Quote:
Originally Posted by kovidgoyal
For e.g. suppose I write a cool little web app that wants to "mangle" poems, i.e. extract stanzas from different poems and combine them into a new poem. Now if all my poems were in PDF files I'd have no way of knowing what a stanza is, beyond using some sort of hackish heuristic based on blank lines. This is because the poem is "rendered" in the PDF file and really the only way to identify semantic elements like a "stanza" is to have an entity as intelligent as a human look at the rendered poem.
|
Why would you want to mangle a poem? That's just disgusting!

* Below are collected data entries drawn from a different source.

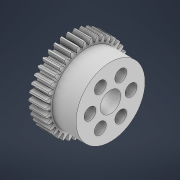
# Autodesk Inventor part: GearWheel
Saved by Autodesk Inventor 2022 (Build 260153000, 153)
## iProperties
Created: 2022-03-28
Part Number: GearWheel
Material: 一般
Document SubType Name: Modeling
Designer: neko2
Density: 1 g/cm^3
Appearance: 既定
Author: neko2
Autodesk Inventor part; units mm, degrees
(part 1 of 4)
ref_plane "YZ Plane" through (0, 0, 0) normal (1, 0, 0) x (0, 1, 0)
ref_plane "XZ Plane" through (0, 0, 0) normal (0, 1, 0) x (-1, 0, 0)
ref_plane "XY Plane" through (0, 0, 0) normal (0, 0, 1) x (1, 0, 0)
sketch "スケッチ1" plane through (0, 0, 0) normal (1, 0, 0) x (0, 1, 0)
  arc A0 (-4.4856, 2.8027) -> (-4.6292, 2.5586) centre (0, 0) ccw
  line L0 (-4.6292, 2.5586) -> (-4.6881, 2.5906)
  spline S0 degree 5 poles (-4.6881, 2.5906) (-4.6897, 2.5915) (-4.693, 2.5932) (-4.698, 2.5957) (-4.7047, 2.5989) (-4.7132, 2.6026) (-4.7219, 2.6061) (-4.7306, 2.6094) (-4.7393, 2.6127) (-4.7481, 2.6159) (-4.7569, 2.6191) (-4.7657, 2.6222) (-4.7746, 2.6252) (-4.7836, 2.6281) (-4.7926, 2.631) (-4.8016, 2.6337) (-4.8107, 2.6364) (-4.8198, 2.639) (-4.8289, 2.6415) (-4.8381, 2.644) (-4.8472, 2.6464) (-4.8565, 2.6488) (-4.8657, 2.6511) (-4.875, 2.6533) (-4.8843, 2.6555) (-4.8936, 2.6576) (-4.903, 2.6597) (-4.9124, 2.6617) (-4.9218, 2.6636) (-4.9313, 2.6656) (-4.9407, 2.6674) (-4.9502, 2.6692) (-4.9597, 2.671) (-4.9693, 2.6727) (-4.9788, 2.6743) (-4.9884, 2.6759) (-4.998, 2.6775) (-5.0076, 2.679) (-5.0173, 2.6804) (-5.027, 2.6818) (-5.0367, 2.6832) (-5.0464, 2.6845) (-5.0561, 2.6858) (-5.0658, 2.687) (-5.0756, 2.6882) (-5.0854, 2.6893) (-5.0952, 2.6904) (-5.105, 2.6915) (-5.1149, 2.6925) (-5.1248, 2.6934) (-5.1346, 2.6943) (-5.1445, 2.6952) (-5.1544, 2.696) (-5.1644, 2.6968) (-5.1743, 2.6976) (-5.1843, 2.6983) (-5.1943, 2.6989) (-5.2043, 2.6995) (-5.2143, 2.7001) (-5.2243, 2.7007) (-5.2344, 2.7012) (-5.2445, 2.7016) (-5.2545, 2.702) (-5.2646, 2.7024) (-5.2747, 2.7027) (-5.2849, 2.703) (-5.295, 2.7033) (-5.3052, 2.7035) (-5.3194, 2.7037) (-5.3316, 2.7039) (-5.3418, 2.704) (-5.35, 2.704) (-5.3562, 2.704) knots 0 0 0 0 0 0 0.014286 0.028571 0.042857 0.057143 0.071429 0.085714 0.1 0.114286 0.128571 0.142857 0.157143 0.171429 0.185714 0.2 0.214286 0.228571 0.242857 0.257143 0.271429 0.285714 0.3 0.314286 0.328571 0.342857 0.357143 0.371429 0.385714 0.4 0.414286 0.428571 0.442857 0.457143 0.471429 0.485714 0.5 0.514286 0.528571 0.542857 0.557143 0.571429 0.585714 0.6 0.614286 0.628571 0.642857 0.657143 0.671429 0.685714 0.7 0.714286 0.728571 0.742857 0.757143 0.771429 0.785714 0.8 0.814286 0.828571 0.842857 0.857143 0.871429 0.885714 0.9 0.914286 0.928571 0.942857 0.957143 1 1 1 1 1 1
  arc A1 (-5.3562, 2.704) -> (-5.4524, 2.5042) centre (0, 0) ccw
  spline S1 degree 5 poles (-4.9475, 2.0523) (-4.9492, 2.0531) (-4.9526, 2.0545) (-4.9576, 2.0569) (-4.9643, 2.0602) (-4.9725, 2.0645) (-4.9806, 2.0691) (-4.9886, 2.0738) (-4.9966, 2.0786) (-5.0046, 2.0835) (-5.0126, 2.0884) (-5.0206, 2.0934) (-5.0285, 2.0984) (-5.0363, 2.1036) (-5.0441, 2.1089) (-5.0519, 2.1142) (-5.0596, 2.1196) (-5.0673, 2.1252) (-5.075, 2.1307) (-5.0827, 2.1363) (-5.0903, 2.142) (-5.0979, 2.1478) (-5.1054, 2.1536) (-5.113, 2.1594) (-5.1205, 2.1653) (-5.128, 2.1713) (-5.1354, 2.1774) (-5.1428, 2.1835) (-5.1502, 2.1896) (-5.1576, 2.1958) (-5.165, 2.2021) (-5.1723, 2.2083) (-5.1796, 2.2147) (-5.1869, 2.2211) (-5.1941, 2.2275) (-5.2013, 2.234) (-5.2085, 2.2406) (-5.2157, 2.2472) (-5.2229, 2.2538) (-5.23, 2.2605) (-5.2371, 2.2672) (-5.2442, 2.274) (-5.2512, 2.2808) (-5.2583, 2.2877) (-5.2653, 2.2946) (-5.2723, 2.3016) (-5.2792, 2.3085) (-5.2862, 2.3156) (-5.2931, 2.3227) (-5.3, 2.3298) (-5.3068, 2.3369) (-5.3137, 2.3441) (-5.3205, 2.3514) (-5.3273, 2.3586) (-5.3341, 2.366) (-5.3409, 2.3733) (-5.3476, 2.3807) (-5.3543, 2.3882) (-5.361, 2.3956) (-5.3677, 2.4031) (-5.3743, 2.4107) (-5.381, 2.4183) (-5.3876, 2.4259) (-5.3942, 2.4336) (-5.4007, 2.4413) (-5.4073, 2.449) (-5.4138, 2.4568) (-5.4203, 2.4646) (-5.4294, 2.4756) (-5.4371, 2.4851) (-5.4435, 2.493) (-5.4486, 2.4994) (-5.4524, 2.5042) knots 0 0 0 0 0 0 0.014286 0.028571 0.042857 0.057143 0.071429 0.085714 0.1 0.114286 0.128571 0.142857 0.157143 0.171429 0.185714 0.2 0.214286 0.228571 0.242857 0.257143 0.271429 0.285714 0.3 0.314286 0.328571 0.342857 0.357143 0.371429 0.385714 0.4 0.414286 0.428571 0.442857 0.457143 0.471429 0.485714 0.5 0.514286 0.528571 0.542857 0.557143 0.571429 0.585714 0.6 0.614286 0.628571 0.642857 0.657143 0.671429 0.685714 0.7 0.714286 0.728571 0.742857 0.757143 0.771429 0.785714 0.8 0.814286 0.828571 0.842857 0.857143 0.871429 0.885714 0.9 0.914286 0.928571 0.942857 0.957143 1 1 1 1 1 1
  line L1 (-4.8857, 2.0262) -> (-4.9475, 2.0523)
  arc A2 (-4.8857, 2.0262) -> (-4.9872, 1.7617) centre (0, 0) ccw
  line L2 (-4.9872, 1.7617) -> (-5.0506, 1.7836)
  spline S2 degree 5 poles (-5.0506, 1.7836) (-5.0523, 1.7842) (-5.0558, 1.7854) (-5.0612, 1.7871) (-5.0683, 1.7891) (-5.0773, 1.7913) (-5.0864, 1.7933) (-5.0955, 1.7952) (-5.1047, 1.797) (-5.1139, 1.7987) (-5.1231, 1.8004) (-5.1323, 1.802) (-5.1416, 1.8035) (-5.1509, 1.805) (-5.1602, 1.8063) (-5.1696, 1.8075) (-5.179, 1.8086) (-5.1884, 1.8097) (-5.1978, 1.8107) (-5.2073, 1.8116) (-5.2167, 1.8125) (-5.2262, 1.8133) (-5.2357, 1.814) (-5.2452, 1.8147) (-5.2548, 1.8154) (-5.2643, 1.8159) (-5.2739, 1.8164) (-5.2835, 1.8168) (-5.2931, 1.8172) (-5.3027, 1.8175) (-5.3124, 1.8178) (-5.322, 1.818) (-5.3317, 1.8182) (-5.3414, 1.8183) (-5.3511, 1.8183) (-5.3608, 1.8183) (-5.3705, 1.8183) (-5.3803, 1.8182) (-5.39, 1.818) (-5.3998, 1.8178) (-5.4096, 1.8176) (-5.4194, 1.8173) (-5.4292, 1.8169) (-5.439, 1.8165) (-5.4489, 1.8161) (-5.4587, 1.8156) (-5.4685, 1.8151) (-5.4784, 1.8145) (-5.4883, 1.8138) (-5.4982, 1.8132) (-5.5081, 1.8124) (-5.518, 1.8117) (-5.5279, 1.8109) (-5.5378, 1.81) (-5.5478, 1.8091) (-5.5577, 1.8082) (-5.5677, 1.8072) (-5.5776, 1.8061) (-5.5876, 1.805) (-5.5976, 1.8039) (-5.6076, 1.8028) (-5.6176, 1.8016) (-5.6276, 1.8003) (-5.6376, 1.799) (-5.6477, 1.7977) (-5.6577, 1.7963) (-5.6677, 1.7949) (-5.6778, 1.7934) (-5.6919, 1.7913) (-5.704, 1.7895) (-5.714, 1.7878) (-5.7221, 1.7865) (-5.7282, 1.7855) knots 0 0 0 0 0 0 0.014286 0.028571 0.042857 0.057143 0.071429 0.085714 0.1 0.114286 0.128571 0.142857 0.157143 0.171429 0.185714 0.2 0.214286 0.228571 0.242857 0.257143 0.271429 0.285714 0.3 0.314286 0.328571 0.342857 0.357143 0.371429 0.385714 0.4 0.414286 0.428571 0.442857 0.457143 0.471429 0.485714 0.5 0.514286 0.528571 0.542857 0.557143 0.571429 0.585714 0.6 0.614286 0.628571 0.642857 0.657143 0.671429 0.685714 0.7 0.714286 0.728571 0.742857 0.757143 0.771429 0.785714 0.8 0.814286 0.828571 0.842857 0.857143 0.871429 0.885714 0.9 0.914286 0.928571 0.942857 0.957143 1 1 1 1 1 1
  arc A3 (-5.7282, 1.7855) -> (-5.7902, 1.5726) centre (0, 0) ccw
  spline S3 degree 5 poles (-5.2178, 1.21) (-5.2196, 1.2105) (-5.2232, 1.2114) (-5.2286, 1.2128) (-5.2357, 1.215) (-5.2445, 1.2179) (-5.2532, 1.2211) (-5.2619, 1.2244) (-5.2706, 1.2278) (-5.2793, 1.2313) (-5.288, 1.2348) (-5.2966, 1.2385) (-5.3053, 1.2422) (-5.3139, 1.246) (-5.3225, 1.2499) (-5.331, 1.2539) (-5.3395, 1.2579) (-5.348, 1.2621) (-5.3565, 1.2663) (-5.365, 1.2706) (-5.3734, 1.275) (-5.3819, 1.2794) (-5.3903, 1.2839) (-5.3987, 1.2884) (-5.4071, 1.293) (-5.4154, 1.2977) (-5.4238, 1.3024) (-5.4321, 1.3072) (-5.4404, 1.312) (-5.4487, 1.3169) (-5.457, 1.3219) (-5.4652, 1.3269) (-5.4735, 1.332) (-5.4817, 1.3371) (-5.4899, 1.3422) (-5.4981, 1.3475) (-5.5063, 1.3527) (-5.5144, 1.3581) (-5.5226, 1.3634) (-5.5307, 1.3689) (-5.5388, 1.3743) (-5.5469, 1.3798) (-5.555, 1.3854) (-5.5631, 1.391) (-5.5711, 1.3967) (-5.5792, 1.4024) (-5.5872, 1.4081) (-5.5952, 1.4139) (-5.6032, 1.4198) (-5.6112, 1.4256) (-5.6191, 1.4316) (-5.6271, 1.4376) (-5.635, 1.4436) (-5.6429, 1.4496) (-5.6508, 1.4557) (-5.6587, 1.4619) (-5.6665, 1.4681) (-5.6744, 1.4743) (-5.6822, 1.4806) (-5.69, 1.4869) (-5.6978, 1.4932) (-5.7056, 1.4996) (-5.7134, 1.5061) (-5.7212, 1.5125) (-5.7289, 1.519) (-5.7366, 1.5256) (-5.7443, 1.5322) (-5.752, 1.5388) (-5.7628, 1.5482) (-5.772, 1.5562) (-5.7796, 1.563) (-5.7857, 1.5685) (-5.7902, 1.5726) knots 0 0 0 0 0 0 0.014286 0.028571 0.042857 0.057143 0.071429 0.085714 0.1 0.114286 0.128571 0.142857 0.157143 0.171429 0.185714 0.2 0.214286 0.228571 0.242857 0.257143 0.271429 0.285714 0.3 0.314286 0.328571 0.342857 0.357143 0.371429 0.385714 0.4 0.414286 0.428571 0.442857 0.457143 0.471429 0.485714 0.5 0.514286 0.528571 0.542857 0.557143 0.571429 0.585714 0.6 0.614286 0.628571 0.642857 0.657143 0.671429 0.685714 0.7 0.714286 0.728571 0.742857 0.757143 0.771429 0.785714 0.8 0.814286 0.828571 0.842857 0.857143 0.871429 0.885714 0.9 0.914286 0.928571 0.942857 0.957143 1 1 1 1 1 1
  line L3 (-5.1526, 1.1944) -> (-5.2178, 1.21)
  arc A4 (-5.1526, 1.1944) -> (-5.2091, 0.9169) centre (0, 0) ccw
  line L4 (-5.2091, 0.9169) -> (-5.2752, 0.928)
  spline S4 degree 5 poles (-5.2752, 0.928) (-5.2771, 0.9283) (-5.2808, 0.9289) (-5.2863, 0.9296) (-5.2937, 0.9305) (-5.3029, 0.9312) (-5.3122, 0.9317) (-5.3215, 0.932) (-5.3308, 0.9323) (-5.3402, 0.9325) (-5.3496, 0.9326) (-5.3589, 0.9327) (-5.3683, 0.9327) (-5.3777, 0.9325) (-5.3872, 0.9323) (-5.3966, 0.9319) (-5.406, 0.9315) (-5.4155, 0.931) (-5.4249, 0.9304) (-5.4344, 0.9298) (-5.4439, 0.9291) (-5.4534, 0.9284) (-5.4629, 0.9275) (-5.4724, 0.9266) (-5.4819, 0.9257) (-5.4914, 0.9247) (-5.501, 0.9236) (-5.5105, 0.9224) (-5.52, 0.9212) (-5.5296, 0.9199) (-5.5391, 0.9186) (-5.5487, 0.9173) (-5.5583, 0.9158) (-5.5678, 0.9143) (-5.5774, 0.9128) (-5.587, 0.9112) (-5.5966, 0.9095) (-5.6062, 0.9078) (-5.6158, 0.9061) (-5.6254, 0.9043) (-5.635, 0.9024) (-5.6446, 0.9005) (-5.6542, 0.8985) (-5.6638, 0.8965) (-5.6735, 0.8945) (-5.6831, 0.8924) (-5.6927, 0.8902) (-5.7023, 0.888) (-5.712, 0.8858) (-5.7216, 0.8835) (-5.7313, 0.8811) (-5.7409, 0.8787) (-5.7506, 0.8763) (-5.7602, 0.8738) (-5.7699, 0.8713) (-5.7795, 0.8687) (-5.7892, 0.8661) (-5.7988, 0.8634) (-5.8085, 0.8607) (-5.8182, 0.858) (-5.8278, 0.8552) (-5.8375, 0.8524) (-5.8472, 0.8495) (-5.8568, 0.8466) (-5.8665, 0.8436) (-5.8762, 0.8406) (-5.8859, 0.8375) (-5.8955, 0.8344) (-5.9091, 0.83) (-5.9207, 0.8262) (-5.9304, 0.823) (-5.9381, 0.8203) (-5.9439, 0.8183) knots 0 0 0 0 0 0 0.014286 0.028571 0.042857 0.057143 0.071429 0.085714 0.1 0.114286 0.128571 0.142857 0.157143 0.171429 0.185714 0.2 0.214286 0.228571 0.242857 0.257143 0.271429 0.285714 0.3 0.314286 0.328571 0.342857 0.357143 0.371429 0.385714 0.4 0.414286 0.428571 0.442857 0.457143 0.471429 0.485714 0.5 0.514286 0.528571 0.542857 0.557143 0.571429 0.585714 0.6 0.614286 0.628571 0.642857 0.657143 0.671429 0.685714 0.7 0.714286 0.728571 0.742857 0.757143 0.771429 0.785714 0.8 0.814286 0.828571 0.842857 0.857143 0.871429 0.885714 0.9 0.914286 0.928571 0.942857 0.957143 1 1 1 1 1 1
  arc A5 (-5.9439, 0.8183) -> (-5.9701, 0.5981) centre (0, 0) ccw
  spline S5 degree 5 poles (-5.3458, 0.3347) (-5.3476, 0.3348) (-5.3513, 0.3351) (-5.3569, 0.3357) (-5.3643, 0.3366) (-5.3734, 0.3381) (-5.3826, 0.3398) (-5.3917, 0.3416) (-5.4008, 0.3436) (-5.41, 0.3456) (-5.4191, 0.3476) (-5.4282, 0.3498) (-5.4374, 0.352) (-5.4465, 0.3543) (-5.4556, 0.3568) (-5.4647, 0.3593) (-5.4737, 0.3619) (-5.4828, 0.3646) (-5.4919, 0.3674) (-5.5009, 0.3702) (-5.51, 0.3731) (-5.519, 0.3761) (-5.5281, 0.3791) (-5.5371, 0.3822) (-5.5461, 0.3854) (-5.5551, 0.3886) (-5.5642, 0.3919) (-5.5732, 0.3953) (-5.5822, 0.3987) (-5.5911, 0.4022) (-5.6001, 0.4057) (-5.6091, 0.4093) (-5.6181, 0.4129) (-5.627, 0.4166) (-5.636, 0.4203) (-5.6449, 0.4241) (-5.6538, 0.428) (-5.6628, 0.4319) (-5.6717, 0.4358) (-5.6806, 0.4399) (-5.6895, 0.4439) (-5.6984, 0.448) (-5.7073, 0.4522) (-5.7162, 0.4564) (-5.725, 0.4606) (-5.7339, 0.4649) (-5.7428, 0.4693) (-5.7516, 0.4737) (-5.7604, 0.4781) (-5.7693, 0.4826) (-5.7781, 0.4872) (-5.7869, 0.4918) (-5.7957, 0.4964) (-5.8045, 0.5011) (-5.8133, 0.5058) (-5.8221, 0.5106) (-5.8309, 0.5154) (-5.8397, 0.5202) (-5.8484, 0.5251) (-5.8572, 0.53) (-5.8659, 0.535) (-5.8746, 0.5401) (-5.8834, 0.5451) (-5.8921, 0.5502) (-5.9008, 0.5554) (-5.9095, 0.5606) (-5.9182, 0.5658) (-5.9269, 0.5711) (-5.939, 0.5785) (-5.9494, 0.585) (-5.958, 0.5904) (-5.9649, 0.5948) (-5.9701, 0.5981) knots 0 0 0 0 0 0 0.014286 0.028571 0.042857 0.057143 0.071429 0.085714 0.1 0.114286 0.128571 0.142857 0.157143 0.171429 0.185714 0.2 0.214286 0.228571 0.242857 0.257143 0.271429 0.285714 0.3 0.314286 0.328571 0.342857 0.357143 0.371429 0.385714 0.4 0.414286 0.428571 0.442857 0.457143 0.471429 0.485714 0.5 0.514286 0.528571 0.542857 0.557143 0.571429 0.585714 0.6 0.614286 0.628571 0.642857 0.657143 0.671429 0.685714 0.7 0.714286 0.728571 0.742857 0.757143 0.771429 0.785714 0.8 0.814286 0.828571 0.842857 0.857143 0.871429 0.885714 0.9 0.914286 0.928571 0.942857 0.957143 1 1 1 1 1 1
  line L5 (-5.2789, 0.33) -> (-5.3458, 0.3347)
  arc A6 (-5.2789, 0.33) -> (-5.289, 0.047) centre (0, 0) ccw
  line L6 (-5.289, 0.047) -> (-5.356, 0.0471)
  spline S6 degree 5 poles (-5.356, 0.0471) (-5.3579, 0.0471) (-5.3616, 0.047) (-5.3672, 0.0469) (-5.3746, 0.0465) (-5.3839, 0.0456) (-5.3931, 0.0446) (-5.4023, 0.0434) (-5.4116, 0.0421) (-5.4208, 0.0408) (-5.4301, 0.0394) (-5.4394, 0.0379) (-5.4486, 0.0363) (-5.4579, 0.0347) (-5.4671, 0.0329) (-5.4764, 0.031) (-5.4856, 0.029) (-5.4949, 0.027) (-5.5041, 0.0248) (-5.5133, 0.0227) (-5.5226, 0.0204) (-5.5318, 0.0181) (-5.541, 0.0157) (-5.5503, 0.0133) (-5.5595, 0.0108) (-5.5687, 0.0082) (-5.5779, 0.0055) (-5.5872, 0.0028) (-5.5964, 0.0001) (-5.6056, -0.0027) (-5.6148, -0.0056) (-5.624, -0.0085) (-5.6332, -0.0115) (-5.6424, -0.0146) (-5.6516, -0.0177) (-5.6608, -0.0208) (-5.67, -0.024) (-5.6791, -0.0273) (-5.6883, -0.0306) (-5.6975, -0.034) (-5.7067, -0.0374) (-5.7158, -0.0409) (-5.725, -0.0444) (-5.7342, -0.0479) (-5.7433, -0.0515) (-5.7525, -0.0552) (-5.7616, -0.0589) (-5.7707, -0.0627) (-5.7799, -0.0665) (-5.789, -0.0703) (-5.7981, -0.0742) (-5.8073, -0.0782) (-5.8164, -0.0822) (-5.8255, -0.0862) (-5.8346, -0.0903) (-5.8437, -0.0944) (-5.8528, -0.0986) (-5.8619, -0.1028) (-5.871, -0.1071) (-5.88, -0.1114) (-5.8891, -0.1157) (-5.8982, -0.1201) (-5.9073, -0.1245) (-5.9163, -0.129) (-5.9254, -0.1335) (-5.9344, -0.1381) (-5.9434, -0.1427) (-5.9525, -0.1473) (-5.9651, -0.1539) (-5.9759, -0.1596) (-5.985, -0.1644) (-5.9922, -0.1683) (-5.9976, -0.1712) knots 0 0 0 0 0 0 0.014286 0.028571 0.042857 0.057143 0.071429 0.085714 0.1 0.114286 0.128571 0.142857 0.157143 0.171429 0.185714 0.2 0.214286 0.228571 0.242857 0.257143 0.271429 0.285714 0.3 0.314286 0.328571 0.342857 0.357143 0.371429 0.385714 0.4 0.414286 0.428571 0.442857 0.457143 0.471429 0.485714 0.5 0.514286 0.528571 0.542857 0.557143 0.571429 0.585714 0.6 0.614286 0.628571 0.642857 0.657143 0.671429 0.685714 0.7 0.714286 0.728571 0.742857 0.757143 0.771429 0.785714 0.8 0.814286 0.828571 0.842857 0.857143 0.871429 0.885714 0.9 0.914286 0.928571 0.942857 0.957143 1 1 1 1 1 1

As for not recognizing stanzas, I don't know why a reflowable PDF should be different from another ebook format (again, not a programmer). How do stanzas stand out in other formats? Surely spacing can be recognized in a PDF just as it would be in another format...?
Quote:
Originally Posted by kovidgoyal
And as for your claim of being able to process, extract content from a PDF. Can you extract the content from a letter sized PDF and create a non image based 6" inch PDF from it easily? If you can I'd really like to know how. And by easily I mean automatically, in no more than 5 minutes.
|
I've never timed myself, but if the document contains no images (which kind of takes away the point of my using a PDF file in the first place) then I can easily do it in under 5 minutes. What I do is save the PDF as a DOC file (which Acrobat Pro allows users to do) and open it in Microsoft Word. I then set the page format to the preset format of 3.47"x4.54" and .15" margins. This resets the text, obviously, and fits it into Reader sized pages. Then I convert the document back to PDF. Images obviously need to be resized when in Word, which is usually what I wind up doing because I like to include images from articles I take from the Internet. It kind of livens up the document.

I generally don't spend very long on this, however. As I said above, I'm going to try out BookDesigner to see how it handles images. That's really my big thing with PDFs. I can format a page, resize and place an image anywhere in Word, and know that it will look exactly the same on my Reader. I love it.